Am 25. Jahrestag der Wiedervereinigung haben Spitzenpolitiker die Deutschen auf langanhaltende Anstrengungen zur Integration von Flüchtlingen und Zuwanderern eingeschworen.
Wie bei der Vereinigung 1990 "erwartet uns alle eine Herausforderung, die Generationen beschäftigen wird", sagte Bundespräsident Joachim Gauck am Samstag beim zentralen Festakt zum Tag der Deutschen Einheit in Frankfurt am Main: "Doch anders als damals soll nun zusammenwachsen, was bisher nicht zusammengehörte."
Gauck: Keine Toleranz für Intoleranz
Die innere Einheit müsse neu errungen werden, sagte Gauck.
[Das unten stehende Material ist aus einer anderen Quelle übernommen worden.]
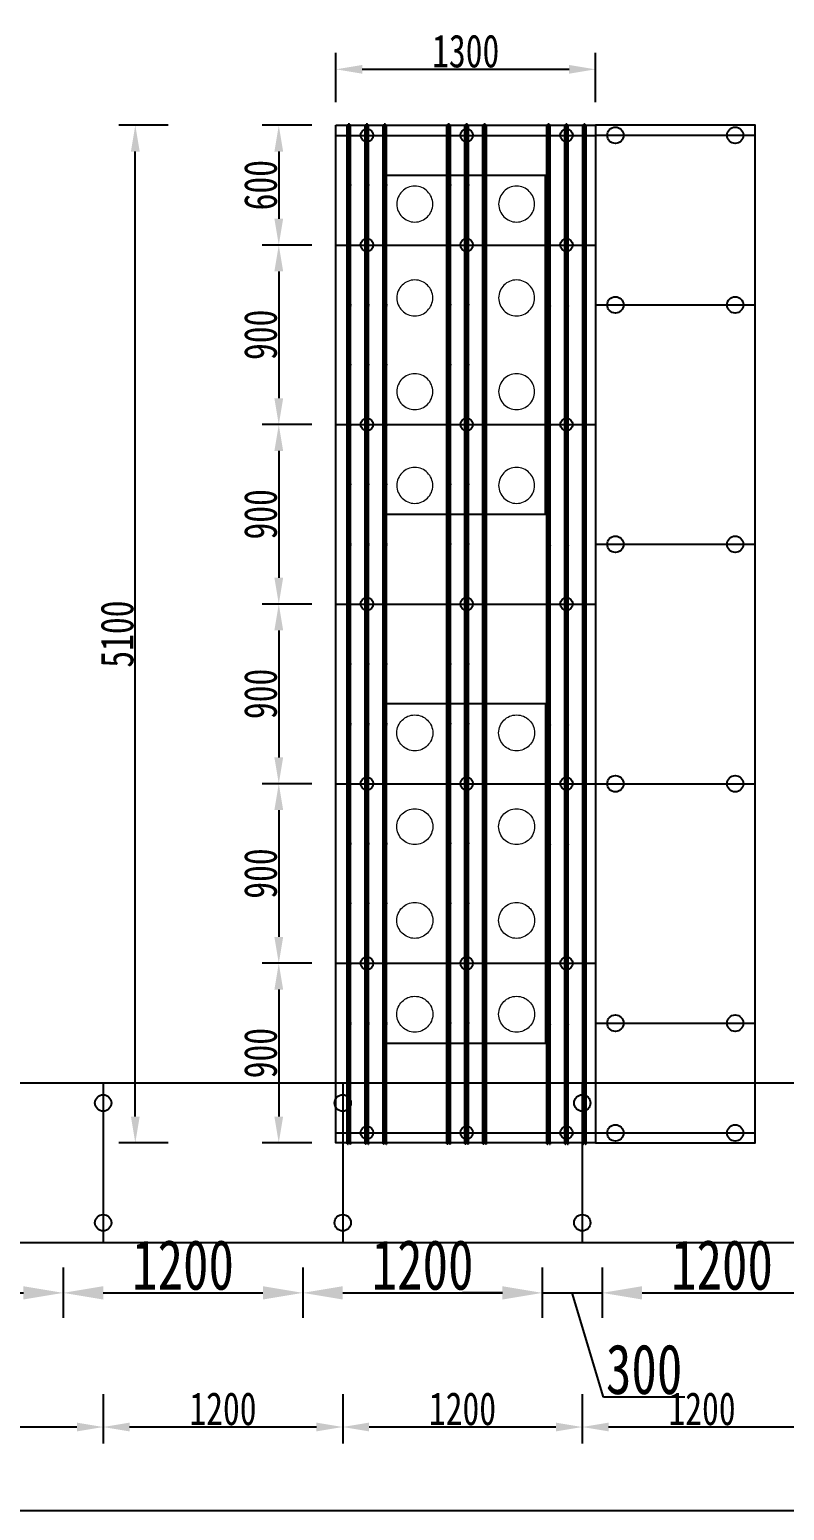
# Model space of a CAD drawing. Extents: x 0 to 558779, y 0 to 2762081.
# Drawn here: x 511045.3 to 511083.1, y 2757096.9 to 2757171.1 of the extents above; entities that cross this region are included whole.
import ezdxf

# ---------------------------------------------------------------- set-up
doc = ezdxf.new("R2010")
doc.units = 0
doc.header["$LTSCALE"] = 20
doc.header["$PDMODE"] = 34
doc.linetypes.add('CENTER', pattern=[2, 1.25, -0.25, 0.25, -0.25])
doc.linetypes.add('DASHED', pattern=[19.05, 12.7, -6.35])
for name, color, linetype, lineweight in [('Layer1', 1, 'Continuous', 15), ('Layer3', 6, 'CENTER', 9), ('细虚线', 2, 'DASHED', 15)]:
    doc.layers.add(name, color=color, linetype=linetype, lineweight=lineweight)
for name, color, linetype in [('QL-主线桥位平面', 190, 'Continuous'), ('点划线', 6, 'CENTER'), ('粗实线', 1, 'Continuous'), ('细实线', 8, 'Continuous')]:
    doc.layers.add(name, color=color, linetype=linetype)
doc.styles.add('FS', font='仿宋_GB2312.ttf', dxfattribs={"width": 0.75})
doc.dimstyles.new('100', dxfattribs={"dimtxt": 2.5, "dimasz": 2, "dimexe": 1.25, "dimexo": 1.25, "dimgap": 0.125, "dimtad": 1, "dimdec": 0, "dimlfac": 100, "dimdsep": 46, "dimtxsty": 'FS', "dimcen": 0.001, "dimclrd": 7, "dimclre": 7, "dimclrt": 7, "dimadec": 4, "dimazin": 2, "dimtfac": 1, "dimtdec": 0, "dimtmove": 1, "dimatfit": 2, "dimfxlon": 1, "dimlwd": -1, "dimlwe": -1, "dimarcsym": 0})
doc.dimstyles.new('100-1.5', dxfattribs={"dimscale": 0.66, "dimtxt": 2.5, "dimasz": 2, "dimexe": 1.25, "dimexo": 1.25, "dimgap": 0.125, "dimtad": 1, "dimdec": 0, "dimlfac": 100, "dimdsep": 46, "dimtxsty": 'FS', "dimcen": 0.001, "dimclrd": 3, "dimclre": 3, "dimclrt": 7, "dimadec": 4, "dimazin": 2, "dimtfac": 1, "dimtdec": 0, "dimtmove": 1, "dimatfit": 2, "dimfxlon": 1, "dimlwd": -1, "dimlwe": -1, "dimarcsym": 0})

# ---------------------------------------------------------------- blocks, each defined once
blk = doc.blocks.new('*D1464')
at = {"color": 0}
for p, q in [((517964.657, 2758240.952), (517964.657, 2758238.477)), ((517976.657, 2758240.952), (517976.657, 2758238.477)), ((517975.337, 2758239.302), (517965.977, 2758239.302))]:
    blk.add_line(p, q, dxfattribs=at)
for points in [[(517965.977, 2758239.522), (517965.977, 2758239.082), (517964.657, 2758239.302)], [(517975.337, 2758239.082), (517975.337, 2758239.522), (517976.657, 2758239.302)]]:
    blk.add_solid(points, dxfattribs=at)
at = {"layer": 'DEFPOINTS', "color": 0}
for p in [(517964.657, 2758248.542), (517976.657, 2758248.542), (517964.657, 2758239.302)]:
    blk.add_point(p, dxfattribs=at)
at = {"color": 1, "insert": (517970.657, 2758240.21), "char_height": 1.65, "attachment_point": 5, "style": 'FS'}
blk.add_mtext('1200', dxfattribs=at)
blk = doc.blocks.new('*D1465')
at = {"color": 0}
for p, q in [((517952.657, 2758240.952), (517952.657, 2758238.477)), ((517964.657, 2758240.952), (517964.657, 2758238.477)), ((517963.337, 2758239.302), (517953.977, 2758239.302))]:
    blk.add_line(p, q, dxfattribs=at)
for points in [[(517953.977, 2758239.522), (517953.977, 2758239.082), (517952.657, 2758239.302)], [(517963.337, 2758239.082), (517963.337, 2758239.522), (517964.657, 2758239.302)]]:
    blk.add_solid(points, dxfattribs=at)
at = {"layer": 'DEFPOINTS', "color": 0}
for p in [(517952.657, 2758248.542), (517964.657, 2758248.542), (517952.657, 2758239.302)]:
    blk.add_point(p, dxfattribs=at)
at = {"color": 1, "insert": (517958.657, 2758240.21), "char_height": 1.65, "attachment_point": 5, "style": 'FS'}
blk.add_mtext('1200', dxfattribs=at)
blk = doc.blocks.new('*D1466')
at = {"color": 0}
for p, q in [((517940.657, 2758240.952), (517940.657, 2758238.477)), ((517952.657, 2758240.952), (517952.657, 2758238.477)), ((517951.337, 2758239.302), (517941.977, 2758239.302))]:
    blk.add_line(p, q, dxfattribs=at)
for points in [[(517941.977, 2758239.522), (517941.977, 2758239.082), (517940.657, 2758239.302)], [(517951.337, 2758239.082), (517951.337, 2758239.522), (517952.657, 2758239.302)]]:
    blk.add_solid(points, dxfattribs=at)
at = {"layer": 'DEFPOINTS', "color": 0}
for p in [(517940.657, 2758248.542), (517952.657, 2758248.542), (517940.657, 2758239.302)]:
    blk.add_point(p, dxfattribs=at)
at = {"color": 1, "insert": (517946.657, 2758240.21), "char_height": 1.65, "attachment_point": 5, "style": 'FS'}
blk.add_mtext('1200', dxfattribs=at)
blk = doc.blocks.new('*D1467')
at = {"color": 0}
for p, q in [((517928.657, 2758240.952), (517928.657, 2758238.477)), ((517940.657, 2758240.952), (517940.657, 2758238.477)), ((517939.337, 2758239.302), (517929.977, 2758239.302))]:
    blk.add_line(p, q, dxfattribs=at)
for points in [[(517929.977, 2758239.522), (517929.977, 2758239.082), (517928.657, 2758239.302)], [(517939.337, 2758239.082), (517939.337, 2758239.522), (517940.657, 2758239.302)]]:
    blk.add_solid(points, dxfattribs=at)
at = {"layer": 'DEFPOINTS', "color": 0}
for p in [(517928.657, 2758248.542), (517940.657, 2758248.542), (517928.657, 2758239.302)]:
    blk.add_point(p, dxfattribs=at)
at = {"color": 1, "insert": (517934.657, 2758240.21), "char_height": 1.65, "attachment_point": 5, "style": 'FS'}
blk.add_mtext('1200', dxfattribs=at)
blk = doc.blocks.new('*D1502')
at = {"color": 0}
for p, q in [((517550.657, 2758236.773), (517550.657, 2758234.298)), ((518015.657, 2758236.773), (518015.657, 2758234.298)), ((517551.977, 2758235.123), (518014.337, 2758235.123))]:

Dabei stünden die im Grundgesetz festgeschriebenen Werte nicht zur Disposition. "Toleranz für Intoleranz darf es nicht geben", sagte der Bundespräsident.
Bundeskanzlerin Angela Merkel (CDU) sagte am Wochenende im Deutschlandfunk, das Land stehe vor neuen Aufgaben: "Aufgaben, die wir in der Dimension, in der Reichweite noch nicht kannten." Die Integrationsaufgabe könne nicht abgelehnt, sondern solle so gestaltet werden, "dass es für uns alle sich zum Guten entwickelt".
Gauck sagte beim Festakt in Frankfurt, es brauche Zeit, bis sich die Neuankommenden an eine Gesellschaftsordnung gewöhnen, "die sie nicht selten in Konflikt mit ihren traditionellen Normen bringt". Auch müssten sich Einheimische an ein Land gewöhnen, in dem Vertrautes zuweilen verloren geht. "Lassen Sie aus Kontroversen keine Feindschaften entstehen", sagte Gauck vor rund 1.300 Gästen aus dem In- und Ausland in der Frankfurter Alten Oper.
1,4 Millionen Menschen bei Bürgerfest in Frankfurt
Der Festakt "25 Jahre Deutsche Einheit" war der Höhepunkt der zentralen Feierlichkeiten zum 3. Oktober in Frankfurt. 1,4 Millionen Menschen besuchten von Freitag bis Sonntag ein Bürgerfest. Wie die Polizei am Sonntag mitteilte, blieben die Feiern weitgehend störungsfrei. Am Samstag hatte es an einzelnen Stellen Proteste von Gruppen linksgerichteter Gegner der Einheitsfeier gegeben. Zwei Polizisten wurden nach einem Buttersäure-Anschlag vorübergehend im Krankenhaus behandelt.
In Berlin fand vor dem Brandenburger Tor ein "Festival der Einheit" statt. Auch in zahlreichen anderen deutschen Städten wurde am Wochenende gefeiert und an den Beitritt der DDR zur Bundesrepublik am 3. Oktober 1990 erinnert.
Beim Festakt in Frankfurt ging auch der gastgebende hessische Ministerpräsident Volker Bouffier (CDU) auf die aktuelle Flüchtlingskrise ein und lobte das Engagement der Deutschen als beispielhaft. Nun gelte es, die Flüchtlinge zu Mitbürgern werden zu lassen. Das wiedervereinigte Deutschland sei ein weltoffenes und tolerantes Land, sagte der amtierende Bundesratspräsident und hieß eine Gruppe von Flüchtlingen willkommen, die er zu dem Festakt eingeladen hatte.
Die Feiern in Frankfurt hatten am Samstagmorgen mit einem ökumenischen Gottesdienst im Dom begonnen. Der Apostolische Administrator des katholischen Bistums Limburg, Weihbischof Manfred Grothe, sagte: "Die Vielfalt bestimmt unser Land, und wir sind dankbar für sie - und genauso ist uns die Einheit unseres Landes ein kostbares Geschenk und hohes Gut." Der hessen-nassauische Kirchenpräsident Volker Jung bezeichnete in seiner Predigt die Liebe als die Basis menschlichen Zusammenlebens. "Wer liebt, sieht im anderen Menschen nicht den Fremden, sondern die Schwester, den Bruder", sagte er.